Kadın ve Narsizm

Kadın ve Narsizm

Kadını sadece süs ve renk olarak değerlendiren bir görüş erkek narsizminin bir sonucu muydu?

Darwin, Descent of Man isimli kitabında kadınların algılama, hızlı kavrama ve taklit yeteneği konusunda daha aşağı ırkların özelliklerini taşıdıklarını ve bu nedenle daha düşük medeniyete sahip olduklarını belirtiyordu. Evrimin erkeklerin elinde olduğunu, kadınların evrimdeki rolünün erkeği oyalamak ve evin sorumluluklarını almakla kaldığını savunan görüş 20. yüzyıl ortalarına kadar kabul gördü.

Ünlü sosyal psikolog Gustave Le Bon (1841-1931), kadınların beyni erkeklerden çok gorillerin beynine yakındır, kadınlar insan evriminin en aşağı formunu temsil eder düşüncesini savunmuştur. "Vefasızlık, tutarsızlık, mantık eksikliği, sebep bulma yetersizliği bu nedenle kadında daha belirgindir. Ortalama erkekten üstün kadınların ortaya çıkması istisnai bir durumdur. İki kafalı goril gibi sayabiliriz. Bu istisna doğuştan çirkin kabul edilmelidir" Le Bon'un görüşleridir.
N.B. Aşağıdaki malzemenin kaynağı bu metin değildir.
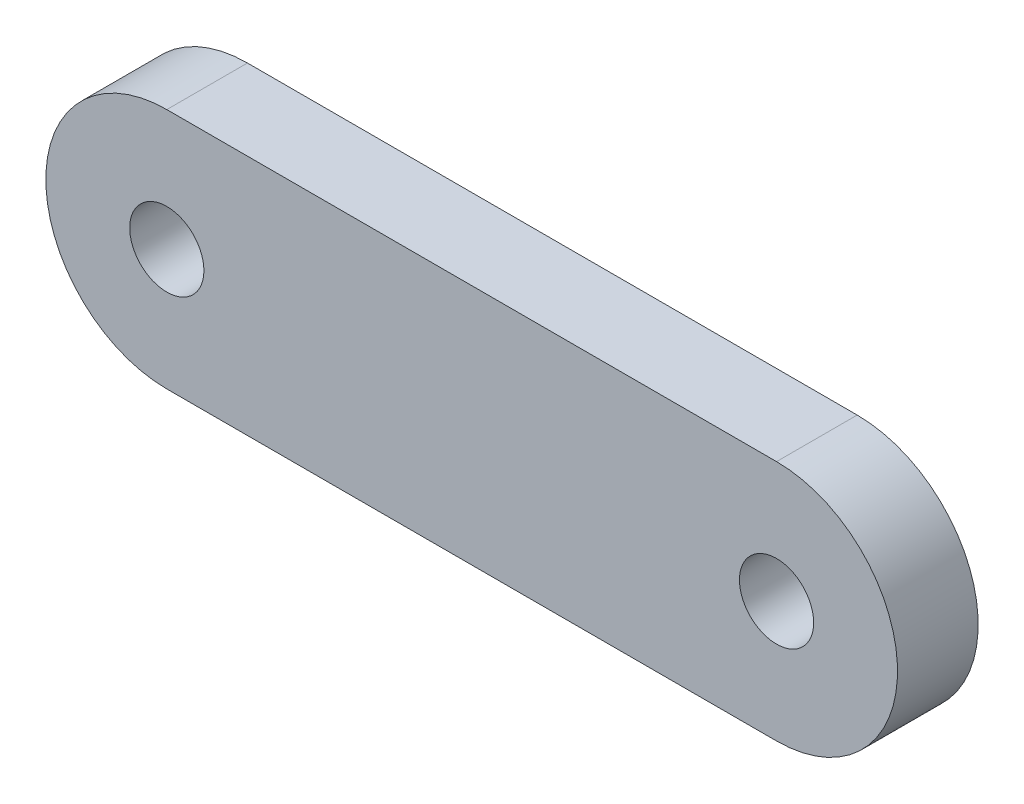
ISO-10303-21;
HEADER;
FILE_DESCRIPTION(('STEP AP214'),'2;1');
FILE_NAME('part.step','',(''),(''),'','','');
FILE_SCHEMA(('AUTOMOTIVE_DESIGN { 1 0 10303 214 1 1 1 1 }'));
ENDSEC;
DATA;
#1=APPLICATION_CONTEXT('core data for automotive mechanical design processes');
#2=APPLICATION_PROTOCOL_DEFINITION('international standard','automotive_design',2000,#1);
#3=PRODUCT_CONTEXT('',#1,'mechanical');
#4=PRODUCT('Part','Part','',(#3));
#5=PRODUCT_RELATED_PRODUCT_CATEGORY('part','',(#4));
#6=PRODUCT_DEFINITION_FORMATION('','',#4);
#7=PRODUCT_DEFINITION_CONTEXT('part definition',#1,'design');
#8=PRODUCT_DEFINITION('design','',#6,#7);
#9=PRODUCT_DEFINITION_SHAPE('','',#8);
#10=(LENGTH_UNIT() NAMED_UNIT(*) SI_UNIT(.MILLI.,.METRE.));
#11=(NAMED_UNIT(*) PLANE_ANGLE_UNIT() SI_UNIT($,.RADIAN.));
#12=(NAMED_UNIT(*) SI_UNIT($,.STERADIAN.) SOLID_ANGLE_UNIT());
#13=UNCERTAINTY_MEASURE_WITH_UNIT(LENGTH_MEASURE(1.E-05),#10,'distance_accuracy_value','');
#14=(GEOMETRIC_REPRESENTATION_CONTEXT(3) GLOBAL_UNCERTAINTY_ASSIGNED_CONTEXT((#13)) GLOBAL_UNIT_ASSIGNED_CONTEXT((#10,
#11,#12)) REPRESENTATION_CONTEXT('',''));
#15=CARTESIAN_POINT('',(0.,0.,0.));
#16=DIRECTION('',(0.,0.,1.));
#17=DIRECTION('',(1.,0.,0.));
#18=AXIS2_PLACEMENT_3D('',#15,#16,#17);
#19=CARTESIAN_POINT('',(18.9,0.,5.));
#20=DIRECTION('',(0.,0.,-1.));
#21=DIRECTION('',(-1.,0.,0.));
#22=AXIS2_PLACEMENT_3D('',#19,#20,#21);
#23=PLANE('',#22);
#24=CARTESIAN_POINT('',(18.9,0.,5.));
#25=DIRECTION('',(0.,0.,1.));
#26=DIRECTION('',(-1.,0.,0.));
#27=AXIS2_PLACEMENT_3D('',#24,#25,#26);
#28=CIRCLE('',#27,7.5);
#29=CARTESIAN_POINT('',(18.9,-7.5,5.));
#30=VERTEX_POINT('',#29);
#31=CARTESIAN_POINT('',(18.9,7.5,5.));
#32=VERTEX_POINT('',#31);
#33=EDGE_CURVE('E87',#30,#32,#28,.T.);
#34=ORIENTED_EDGE('',*,*,#33,.T.);
#35=DIRECTION('',(-1.,0.,0.));
#36=VECTOR('',#35,1.);
#37=CARTESIAN_POINT('',(-18.9,7.5,5.));
#38=LINE('',#37,#36);
#39=CARTESIAN_POINT('',(-18.9,7.5,5.));
#40=VERTEX_POINT('',#39);
#41=EDGE_CURVE('E82',#32,#40,#38,.T.);
#42=ORIENTED_EDGE('',*,*,#41,.T.);
#43=CARTESIAN_POINT('',(-18.9,0.,5.));
#44=DIRECTION('',(0.,0.,1.));
#45=DIRECTION('',(1.,0.,0.));
#46=AXIS2_PLACEMENT_3D('',#43,#44,#45);
#47=CIRCLE('',#46,7.5);
#48=CARTESIAN_POINT('',(-18.9,-7.5,5.));
#49=VERTEX_POINT('',#48);
#50=EDGE_CURVE('E85',#40,#49,#47,.T.);
#51=ORIENTED_EDGE('',*,*,#50,.T.);
#52=DIRECTION('',(1.,0.,0.));
#53=VECTOR('',#52,1.);
#54=CARTESIAN_POINT('',(-18.9,-7.5,5.));
#55=LINE('',#54,#53);
#56=EDGE_CURVE('E52',#49,#30,#55,.T.);
#57=ORIENTED_EDGE('',*,*,#56,.T.);
#58=EDGE_LOOP('',(#34,#42,#51,#57));
#59=FACE_BOUND('',#58,.T.);
#60=CARTESIAN_POINT('',(-18.9,0.,5.));
#61=DIRECTION('',(0.,0.,1.));
#62=DIRECTION('',(1.,0.,0.));
#63=AXIS2_PLACEMENT_3D('',#60,#61,#62);
#64=CIRCLE('',#63,2.29999999999999);
#65=CARTESIAN_POINT('',(-16.6,0.,5.));
#66=VERTEX_POINT('',#65);
#67=EDGE_CURVE('E102',#66,#66,#64,.T.);
#68=ORIENTED_EDGE('',*,*,#67,.F.);
#69=EDGE_LOOP('',(#68));
#70=FACE_BOUND('',#69,.T.);
#71=CARTESIAN_POINT('',(18.9,0.,5.));
#72=DIRECTION('',(0.,0.,1.));
#73=DIRECTION('',(1.,0.,0.));
#74=AXIS2_PLACEMENT_3D('',#71,#72,#73);
#75=CIRCLE('',#74,2.30000000000001);
#76=CARTESIAN_POINT('',(21.2,0.,5.));
#77=VERTEX_POINT('',#76);
#78=EDGE_CURVE('E117',#77,#77,#75,.T.);
#79=ORIENTED_EDGE('',*,*,#78,.F.);
#80=EDGE_LOOP('',(#79));
#81=FACE_BOUND('',#80,.T.);
#82=ADVANCED_FACE('F35',(#59,#70,#81),#23,.F.);
#83=CARTESIAN_POINT('',(18.9,0.,0.));
#84=DIRECTION('',(0.,0.,-1.));
#85=DIRECTION('',(-1.,0.,0.));
#86=AXIS2_PLACEMENT_3D('',#83,#84,#85);
#87=PLANE('',#86);
#88=CARTESIAN_POINT('',(-18.9,0.,0.));
#89=DIRECTION('',(0.,0.,1.));
#90=DIRECTION('',(1.,0.,0.));
#91=AXIS2_PLACEMENT_3D('',#88,#89,#90);
#92=CIRCLE('',#91,2.29999999999999);
#93=CARTESIAN_POINT('',(-16.6,0.,0.));
#94=VERTEX_POINT('',#93);
#95=EDGE_CURVE('E114',#94,#94,#92,.T.);
#96=ORIENTED_EDGE('',*,*,#95,.T.);
#97=EDGE_LOOP('',(#96));
#98=FACE_BOUND('',#97,.T.);
#99=CARTESIAN_POINT('',(18.9,0.,0.));
#100=DIRECTION('',(0.,0.,1.));
#101=DIRECTION('',(-1.,0.,0.));
#102=AXIS2_PLACEMENT_3D('',#99,#100,#101);
#103=CIRCLE('',#102,7.5);
#104=CARTESIAN_POINT('',(18.9,-7.5,0.));
#105=VERTEX_POINT('',#104);
#106=CARTESIAN_POINT('',(18.9,7.5,0.));
#107=VERTEX_POINT('',#106);
#108=EDGE_CURVE('E99',#105,#107,#103,.T.);
#109=ORIENTED_EDGE('',*,*,#108,.F.);
#110=DIRECTION('',(1.,0.,0.));
#111=VECTOR('',#110,1.);
#112=CARTESIAN_POINT('',(-18.9,-7.5,0.));
#113=LINE('',#112,#111);
#114=CARTESIAN_POINT('',(-18.9,-7.5,0.));
#115=VERTEX_POINT('',#114);
#116=EDGE_CURVE('E75',#115,#105,#113,.T.);
#117=ORIENTED_EDGE('',*,*,#116,.F.);
#118=CARTESIAN_POINT('',(-18.9,0.,0.));
#119=DIRECTION('',(0.,0.,1.));
#120=DIRECTION('',(1.,0.,0.));
#121=AXIS2_PLACEMENT_3D('',#118,#119,#120);
#122=CIRCLE('',#121,7.5);
#123=CARTESIAN_POINT('',(-18.9,7.5,0.));
#124=VERTEX_POINT('',#123);
#125=EDGE_CURVE('E69',#124,#115,#122,.T.);
#126=ORIENTED_EDGE('',*,*,#125,.F.);
#127=DIRECTION('',(-1.,0.,0.));
#128=VECTOR('',#127,1.);
#129=CARTESIAN_POINT('',(-18.9,7.5,0.));
#130=LINE('',#129,#128);
#131=EDGE_CURVE('E91',#107,#124,#130,.T.);
#132=ORIENTED_EDGE('',*,*,#131,.F.);
#133=EDGE_LOOP('',(#109,#117,#126,#132));
#134=FACE_BOUND('',#133,.T.);
#135=CARTESIAN_POINT('',(18.9,0.,0.));
#136=DIRECTION('',(0.,0.,1.));
#137=DIRECTION('',(1.,0.,0.));
#138=AXIS2_PLACEMENT_3D('',#135,#136,#137);
#139=CIRCLE('',#138,2.30000000000001);
#140=CARTESIAN_POINT('',(21.2,0.,0.));
#141=VERTEX_POINT('',#140);
#142=EDGE_CURVE('E120',#141,#141,#139,.T.);
#143=ORIENTED_EDGE('',*,*,#142,.T.);
#144=EDGE_LOOP('',(#143));
#145=FACE_BOUND('',#144,.T.);
#146=ADVANCED_FACE('F110',(#98,#134,#145),#87,.T.);
#147=CARTESIAN_POINT('',(18.9,0.,5.));
#148=DIRECTION('',(0.,0.,-1.));
#149=DIRECTION('',(-1.,0.,0.));
#150=AXIS2_PLACEMENT_3D('',#147,#148,#149);
#151=CYLINDRICAL_SURFACE('',#150,7.5);
#152=ORIENTED_EDGE('',*,*,#108,.T.);
#153=DIRECTION('',(0.,0.,-1.));
#154=VECTOR('',#153,1.);
#155=CARTESIAN_POINT('',(18.9,7.5,5.));
#156=LINE('',#155,#154);
#157=EDGE_CURVE('E11',#32,#107,#156,.T.);
#158=ORIENTED_EDGE('',*,*,#157,.F.);
#159=ORIENTED_EDGE('',*,*,#33,.F.);
#160=DIRECTION('',(0.,0.,-1.));
#161=VECTOR('',#160,1.);
#162=CARTESIAN_POINT('',(18.9,-7.5,5.));
#163=LINE('',#162,#161);
#164=EDGE_CURVE('E95',#30,#105,#163,.T.);
#165=ORIENTED_EDGE('',*,*,#164,.T.);
#166=EDGE_LOOP('',(#152,#158,#159,#165));
#167=FACE_BOUND('',#166,.T.);
#168=ADVANCED_FACE('F37',(#167),#151,.T.);
#169=CARTESIAN_POINT('',(-18.9,7.5,5.));
#170=DIRECTION('',(0.,-1.,0.));
#171=DIRECTION('',(0.,0.,-1.));
#172=AXIS2_PLACEMENT_3D('',#169,#170,#171);
#173=PLANE('',#172);
#174=ORIENTED_EDGE('',*,*,#131,.T.);
#175=DIRECTION('',(0.,0.,-1.));
#176=VECTOR('',#175,1.);
#177=CARTESIAN_POINT('',(-18.9,7.5,5.));
#178=LINE('',#177,#176);
#179=EDGE_CURVE('E44',#40,#124,#178,.T.);
#180=ORIENTED_EDGE('',*,*,#179,.F.);
#181=ORIENTED_EDGE('',*,*,#41,.F.);
#182=ORIENTED_EDGE('',*,*,#157,.T.);
#183=EDGE_LOOP('',(#174,#180,#181,#182));
#184=FACE_BOUND('',#183,.T.);
#185=ADVANCED_FACE('F90',(#184),#173,.F.);
#186=CARTESIAN_POINT('',(-18.9,0.,5.));
#187=DIRECTION('',(0.,0.,-1.));
#188=DIRECTION('',(-1.,0.,0.));
#189=AXIS2_PLACEMENT_3D('',#186,#187,#188);
#190=CYLINDRICAL_SURFACE('',#189,7.5);
#191=ORIENTED_EDGE('',*,*,#125,.T.);
#192=DIRECTION('',(0.,0.,-1.));
#193=VECTOR('',#192,1.);
#194=CARTESIAN_POINT('',(-18.9,-7.5,5.));
#195=LINE('',#194,#193);
#196=EDGE_CURVE('E92',#49,#115,#195,.T.);
#197=ORIENTED_EDGE('',*,*,#196,.F.);
#198=ORIENTED_EDGE('',*,*,#50,.F.);
#199=ORIENTED_EDGE('',*,*,#179,.T.);
#200=EDGE_LOOP('',(#191,#197,#198,#199));
#201=FACE_BOUND('',#200,.T.);
#202=ADVANCED_FACE('F93',(#201),#190,.T.);
#203=CARTESIAN_POINT('',(-18.9,-7.5,5.));
#204=DIRECTION('',(0.,1.,0.));
#205=DIRECTION('',(0.,0.,1.));
#206=AXIS2_PLACEMENT_3D('',#203,#204,#205);
#207=PLANE('',#206);
#208=ORIENTED_EDGE('',*,*,#116,.T.);
#209=ORIENTED_EDGE('',*,*,#164,.F.);
#210=ORIENTED_EDGE('',*,*,#56,.F.);
#211=ORIENTED_EDGE('',*,*,#196,.T.);
#212=EDGE_LOOP('',(#208,#209,#210,#211));
#213=FACE_BOUND('',#212,.T.);
#214=ADVANCED_FACE('F107',(#213),#207,.F.);
#215=CARTESIAN_POINT('',(-18.9,0.,5.));
#216=DIRECTION('',(0.,0.,-1.));
#217=DIRECTION('',(-1.,0.,0.));
#218=AXIS2_PLACEMENT_3D('',#215,#216,#217);
#219=CYLINDRICAL_SURFACE('',#218,2.29999999999999);
#220=ORIENTED_EDGE('',*,*,#67,.T.);
#221=EDGE_LOOP('',(#220));
#222=FACE_BOUND('',#221,.T.);
#223=ORIENTED_EDGE('',*,*,#95,.F.);
#224=EDGE_LOOP('',(#223));
#225=FACE_BOUND('',#224,.T.);
#226=ADVANCED_FACE('F137',(#222,#225),#219,.F.);
#227=CARTESIAN_POINT('',(18.9,0.,5.));
#228=DIRECTION('',(0.,0.,-1.));
#229=DIRECTION('',(-1.,0.,0.));
#230=AXIS2_PLACEMENT_3D('',#227,#228,#229);
#231=CYLINDRICAL_SURFACE('',#230,2.30000000000001);
#232=ORIENTED_EDGE('',*,*,#78,.T.);
#233=EDGE_LOOP('',(#232));
#234=FACE_BOUND('',#233,.T.);
#235=ORIENTED_EDGE('',*,*,#142,.F.);
#236=EDGE_LOOP('',(#235));
#237=FACE_BOUND('',#236,.T.);
#238=ADVANCED_FACE('F126',(#234,#237),#231,.F.);
#239=CLOSED_SHELL('',(#82,#146,#168,#185,#202,#214,#226,#238));
#240=MANIFOLD_SOLID_BREP('B2',#239);
#241=ADVANCED_BREP_SHAPE_REPRESENTATION('',(#18,#240),#14);
#242=SHAPE_DEFINITION_REPRESENTATION(#9,#241);
ENDSEC;
END-ISO-10303-21;

Savaşçılık, kan dökücülük, acımasızlık ve sertlik erkeksi karakter iken; sevgi, şefkat, merhamet ve acıma kadınsı karakter olarak kabul edildi. Bu karakterlerin üstün insanın oluşmasına engel olduğu için hakim olmaması öngörülüyordu. Nietzsche de benzer fikirleri savunuyordu. Kadının büyük çocuk olarak kalması gerektiğini, kadının özgürleşmesinin Avrupa'yı çirkinleştireceğini savunuyordu. Gerçek insan erkektir, kadın ara aşamadır görüşünün yaygınlaşması erkek dünyasında kadının yerini kötü etkiledi. Böylece kadına ayrımcılık yapıldı. Kadının sadece çocuk doğuran, erkeği oyalayan makine gibi görülmesi 1960'da feminizm ve cinsel özgürlük akımlarını ortaya çıkardı.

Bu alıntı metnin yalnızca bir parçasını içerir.